Research from data analytics specialist insightsoftware has shone a light on the challenge that customers are dealing with and the gap that many still have to bridge if they are to reach “data fluency”.
Once they get to that stage, customers would be able to understand the information they had and garner insights from it that would help in the decision-making process.
Problems that were holding users back included a lack of a complete picture of their data, inconsistent records and issues around accuracy, the research revealed.
Many also felt that their existing analytical tools were too complex and a lack of training undermined them further. The research also made it clear that users were looking for tools to be easier, with many saying they were looking for more intuitive offerings that would help with “enhancing custom reports”.
Some of the major analyst firms have highlighted data analytics as an area where customers will be investing next year. It is an area where recent changes to the working landscape have also spurred interest in getting on top of the data quality problem.
“As workforces shift to hybrid environments, businesses will continue to adopt cloud technology and as-a-service solutions,” said Monica Boydston, vice-president, product management at insightsoftware. “When these new solutions operate in tandem with legacy systems, the result is a large pool of data from multiple sources – ‘polluted’ data that requires cleaning.”

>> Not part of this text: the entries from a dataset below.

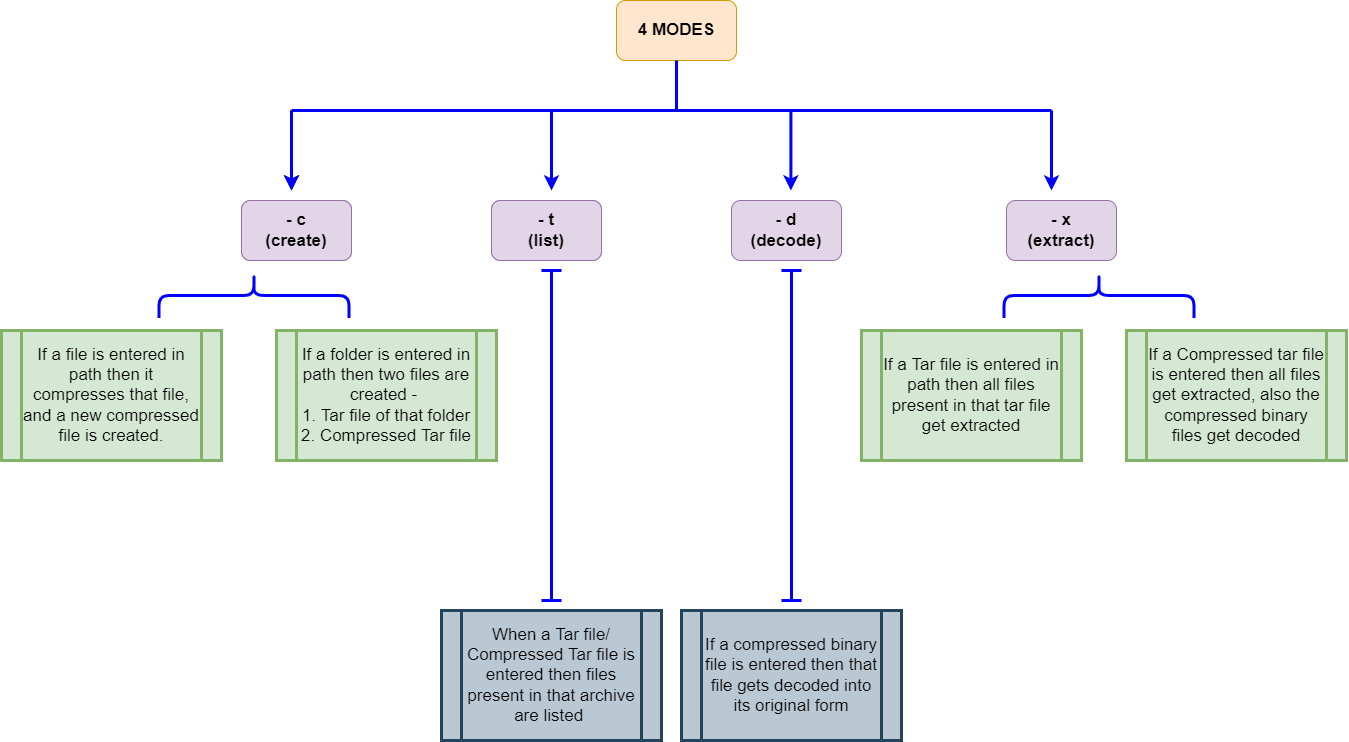

The diagram above was exported from draw.io. Its source (the exported page's mxGraphModel, read from the mxfile embedded in the PNG):
<mxGraphModel dx="2071" dy="644" grid="1" gridSize="10" guides="1" tooltips="1" connect="1" arrows="1" fold="1" page="1" pageScale="1" pageWidth="850" pageHeight="1100" math="0" shadow="0">
  <root>
    <mxCell id="0" />
    <mxCell id="1" parent="0" />
    <mxCell id="gqnoVkJjsLLPI6lxqHRg-2" value="&lt;font style=&quot;font-size: 17px;&quot;&gt;&lt;b&gt;4 MODES&lt;/b&gt;&lt;/font&gt;" style="rounded=1;whiteSpace=wrap;html=1;fillColor=#ffe6cc;strokeColor=#d79b00;" vertex="1" parent="1">
      <mxGeometry x="365" y="50" width="120" height="60" as="geometry" />
    </mxCell>
    <mxCell id="gqnoVkJjsLLPI6lxqHRg-4" value="" style="endArrow=none;html=1;rounded=0;fontSize=17;entryX=0.5;entryY=1;entryDx=0;entryDy=0;strokeWidth=3;strokeColor=#0000FF;" edge="1" parent="1" target="gqnoVkJjsLLPI6lxqHRg-2">
      <mxGeometry width="50" height="50" relative="1" as="geometry">
        <mxPoint x="425" y="160" as="sourcePoint" />
        <mxPoint x="450" y="250" as="targetPoint" />
      </mxGeometry>
    </mxCell>
    <mxCell id="gqnoVkJjsLLPI6lxqHRg-5" value="" style="endArrow=none;html=1;rounded=0;fontSize=17;strokeWidth=3;strokeColor=#0000FF;" edge="1" parent="1">
      <mxGeometry width="50" height="50" relative="1" as="geometry">
        <mxPoint x="40" y="160" as="sourcePoint" />
        <mxPoint x="800" y="160" as="targetPoint" />
      </mxGeometry>
    </mxCell>
    <mxCell id="gqnoVkJjsLLPI6lxqHRg-6" value="" style="endArrow=classic;html=1;rounded=0;fontSize=17;strokeWidth=3;" edge="1" parent="1">
      <mxGeometry width="50" height="50" relative="1" as="geometry">
        <mxPoint x="40" y="160" as="sourcePoint" />
        <mxPoint x="40" y="240" as="targetPoint" />
      </mxGeometry>
    </mxCell>
    <mxCell id="gqnoVkJjsLLPI6lxqHRg-7" value="" style="endArrow=classic;html=1;rounded=0;fontSize=17;strokeWidth=3;strokeColor=#0000FF;" edge="1" parent="1">
      <mxGeometry width="50" height="50" relative="1" as="geometry">
        <mxPoint x="40" y="160" as="sourcePoint" />
        <mxPoint x="40" y="240" as="targetPoint" />
      </mxGeometry>
    </mxCell>
    <mxCell id="gqnoVkJjsLLPI6lxqHRg-8" value="" style="endArrow=classic;html=1;rounded=0;fontSize=17;strokeWidth=3;strokeColor=#0000FF;" edge="1" parent="1">
      <mxGeometry width="50" height="50" relative="1" as="geometry">
        <mxPoint x="300" y="160" as="sourcePoint" />
        <mxPoint x="300" y="240" as="targetPoint" />
      </mxGeometry>
    </mxCell>
    <mxCell id="gqnoVkJjsLLPI6lxqHRg-9" value="" style="endArrow=classic;html=1;rounded=0;fontSize=17;strokeWidth=3;strokeColor=#0000FF;" edge="1" parent="1">
      <mxGeometry width="50" height="50" relative="1" as="geometry">
        <mxPoint x="539.41" y="160" as="sourcePoint" />
        <mxPoint x="539.41" y="240" as="targetPoint" />
      </mxGeometry>
    </mxCell>
    <mxCell id="gqnoVkJjsLLPI6lxqHRg-10" value="" style="endArrow=classic;html=1;rounded=0;fontSize=17;strokeWidth=3;strokeColor=#0000FF;" edge="1" parent="1">
      <mxGeometry width="50" height="50" relative="1" as="geometry">
        <mxPoint x="800" y="160" as="sourcePoint" />
        <mxPoint x="800" y="240" as="targetPoint" />
      </mxGeometry>
    </mxCell>
    <mxCell id="gqnoVkJjsLLPI6lxqHRg-11" value="&lt;font style=&quot;font-size: 17px;&quot;&gt;&lt;b&gt;-c&lt;br&gt;Create Mode&lt;/b&gt;&lt;/font&gt;" style="rounded=1;whiteSpace=wrap;html=1;fontSize=17;fillColor=#e1d5e7;strokeColor=#9673a6;" vertex="1" parent="1">
      <mxGeometry x="-10" y="250" width="110" height="60" as="geometry" />
    </mxCell>
    <mxCell id="gqnoVkJjsLLPI6lxqHRg-12" value="&lt;font style=&quot;font-size: 17px;&quot;&gt;&lt;b&gt;- c&lt;br&gt;(create)&lt;br&gt;&lt;/b&gt;&lt;/font&gt;" style="rounded=1;whiteSpace=wrap;html=1;fontSize=17;fillColor=#e1d5e7;strokeColor=#9673a6;" vertex="1" parent="1">
      <mxGeometry x="-10" y="250" width="110" height="60" as="geometry" />
    </mxCell>
    <mxCell id="gqnoVkJjsLLPI6lxqHRg-13" value="&lt;font style=&quot;font-size: 17px;&quot;&gt;&lt;b&gt;- t&lt;br&gt;(list)&lt;br&gt;&lt;/b&gt;&lt;/font&gt;" style="rounded=1;whiteSpace=wrap;html=1;fontSize=17;fillColor=#e1d5e7;strokeColor=#9673a6;" vertex="1" parent="1">
      <mxGeometry x="240" y="250" width="110" height="60" as="geometry" />
    </mxCell>
    <mxCell id="gqnoVkJjsLLPI6lxqHRg-14" value="&lt;font style=&quot;font-size: 17px;&quot;&gt;&lt;b&gt;- t&lt;br&gt;(list)&lt;br&gt;&lt;/b&gt;&lt;/font&gt;" style="rounded=1;whiteSpace=wrap;html=1;fontSize=17;fillColor=#e1d5e7;strokeColor=#9673a6;" vertex="1" parent="1">
      <mxGeometry x="240" y="250" width="110" height="60" as="geometry" />
    </mxCell>
    <mxCell id="gqnoVkJjsLLPI6lxqHRg-15" value="&lt;font style=&quot;font-size: 17px;&quot;&gt;&lt;b&gt;- x&lt;br&gt;(extract)&lt;br&gt;&lt;/b&gt;&lt;/font&gt;" style="rounded=1;whiteSpace=wrap;html=1;fontSize=17;fillColor=#e1d5e7;strokeColor=#9673a6;" vertex="1" parent="1">
      <mxGeometry x="755" y="250" width="110" height="60" as="geometry" />
    </mxCell>
    <mxCell id="gqnoVkJjsLLPI6lxqHRg-17" value="" style="shape=curlyBracket;whiteSpace=wrap;html=1;rounded=1;flipH=1;fontSize=17;strokeWidth=3;rotation=-90;strokeColor=#0000FF;" vertex="1" parent="1">
      <mxGeometry x="-20" y="250" width="45" height="190" as="geometry" />
    </mxCell>
    <mxCell id="gqnoVkJjsLLPI6lxqHRg-18" value="&lt;div style=&quot;&quot;&gt;&lt;span style=&quot;background-color: initial;&quot;&gt;If a file is entered in path then compresses that file, and a new compressed file is created.&lt;/span&gt;&lt;/div&gt;" style="shape=process;whiteSpace=wrap;html=1;backgroundOutline=1;fontSize=17;strokeWidth=3;align=center;size=0.09090909090909091;fillColor=#d5e8d4;strokeColor=#82b366;" vertex="1" parent="1">
      <mxGeometry x="-250" y="380" width="220" height="130" as="geometry" />
    </mxCell>
    <mxCell id="gqnoVkJjsLLPI6lxqHRg-19" value="&lt;div style=&quot;&quot;&gt;&lt;span style=&quot;background-color: initial;&quot;&gt;If a file is entered in path then it compresses that file, and a new compressed file is created.&lt;/span&gt;&lt;/div&gt;" style="shape=process;whiteSpace=wrap;html=1;backgroundOutline=1;fontSize=17;strokeWidth=3;align=center;size=0.09090909090909091;fillColor=#d5e8d4;strokeColor=#82b366;" vertex="1" parent="1">
      <mxGeometry x="-250" y="380" width="220" height="130" as="geometry" />
    </mxCell>
    <mxCell id="gqnoVkJjsLLPI6lxqHRg-20" value="&lt;div style=&quot;&quot;&gt;If a folder is entered in path then two files are created -&amp;nbsp;&lt;/div&gt;&lt;div style=&quot;&quot;&gt;1. Tar file of that folder&lt;/div&gt;&lt;div style=&quot;&quot;&gt;2. Compressed Tar file&lt;/div&gt;" style="shape=process;whiteSpace=wrap;html=1;backgroundOutline=1;fontSize=17;strokeWidth=3;align=center;size=0.09090909090909091;fillColor=#d5e8d4;strokeColor=#82b366;" vertex="1" parent="1">
      <mxGeometry x="25" y="380" width="220" height="130" as="geometry" />
    </mxCell>
    <mxCell id="gqnoVkJjsLLPI6lxqHRg-21" value="" style="shape=crossbar;whiteSpace=wrap;html=1;rounded=1;direction=south;fontSize=17;strokeWidth=3;strokeColor=#0000FF;" vertex="1" parent="1">
      <mxGeometry x="290" y="320" width="20" height="330" as="geometry" />
    </mxCell>
    <mxCell id="gqnoVkJjsLLPI6lxqHRg-22" value="&lt;div style=&quot;&quot;&gt;When a Tar file/ Compressed Tar file is entered then files present in that archive are listed&amp;nbsp;&lt;/div&gt;" style="shape=process;whiteSpace=wrap;html=1;backgroundOutline=1;fontSize=17;strokeWidth=3;align=center;size=0.09090909090909091;fillColor=#bac8d3;strokeColor=#23445d;" vertex="1" parent="1">
      <mxGeometry x="190" y="660" width="220" height="130" as="geometry" />
    </mxCell>
    <mxCell id="gqnoVkJjsLLPI6lxqHRg-23" value="" style="shape=curlyBracket;whiteSpace=wrap;html=1;rounded=1;flipH=1;fontSize=17;strokeWidth=3;rotation=-90;strokeColor=#0000FF;" vertex="1" parent="1">
      <mxGeometry x="825" y="250" width="45" height="190" as="geometry" />
    </mxCell>
    <mxCell id="gqnoVkJjsLLPI6lxqHRg-24" value="&lt;div style=&quot;&quot;&gt;If a Tar file is entered in path then all files present in that tar file get extracted&lt;/div&gt;" style="shape=process;whiteSpace=wrap;html=1;backgroundOutline=1;fontSize=17;strokeWidth=3;align=center;size=0.09090909090909091;fillColor=#d5e8d4;strokeColor=#82b366;" vertex="1" parent="1">
      <mxGeometry x="610" y="380" width="220" height="130" as="geometry" />
    </mxCell>
    <mxCell id="gqnoVkJjsLLPI6lxqHRg-25" value="&lt;div style=&quot;&quot;&gt;If a Compressed tar file is entered then all files get extracted, also the compressed binary files get decoded&lt;/div&gt;" style="shape=process;whiteSpace=wrap;html=1;backgroundOutline=1;fontSize=17;strokeWidth=3;align=center;size=0.09090909090909091;fillColor=#d5e8d4;strokeColor=#82b366;" vertex="1" parent="1">
      <mxGeometry x="875" y="380" width="220" height="130" as="geometry" />
    </mxCell>
    <mxCell id="gqnoVkJjsLLPI6lxqHRg-28" value="&lt;font style=&quot;font-size: 17px;&quot;&gt;&lt;b&gt;- d&lt;br&gt;(decode)&lt;br&gt;&lt;/b&gt;&lt;/font&gt;" style="rounded=1;whiteSpace=wrap;html=1;fontSize=17;fillColor=#e1d5e7;strokeColor=#9673a6;" vertex="1" parent="1">
      <mxGeometry x="480" y="250" width="110" height="60" as="geometry" />
    </mxCell>
    <mxCell id="gqnoVkJjsLLPI6lxqHRg-29" value="" style="shape=crossbar;whiteSpace=wrap;html=1;rounded=1;direction=south;fontSize=17;strokeWidth=3;strokeColor=#0000FF;" vertex="1" parent="1">
      <mxGeometry x="530" y="320" width="20" height="330" as="geometry" />
    </mxCell>
    <mxCell id="gqnoVkJjsLLPI6lxqHRg-30" value="&lt;div style=&quot;&quot;&gt;If a compressed binary file is entered then that file gets decoded into its original form&lt;/div&gt;" style="shape=process;whiteSpace=wrap;html=1;backgroundOutline=1;fontSize=17;strokeWidth=3;align=center;size=0.09090909090909091;fillColor=#bac8d3;strokeColor=#23445d;" vertex="1" parent="1">
      <mxGeometry x="430" y="660" width="220" height="130" as="geometry" />
    </mxCell>
  </root>
</mxGraphModel>

She added that there were tools the channel could employ that would help users improve their position and get into a situation where they could unlock more insights from their data.
“The growing recognition of the value of data fluency within organisations is positive, but also puts pressure and creates expectations across all departments,” said Boydston. “Employees need to be properly trained, be able to piece different data concepts together, and possess soft skills to communicate that widely across departments. Quality of data, however, remains the most critical concern.”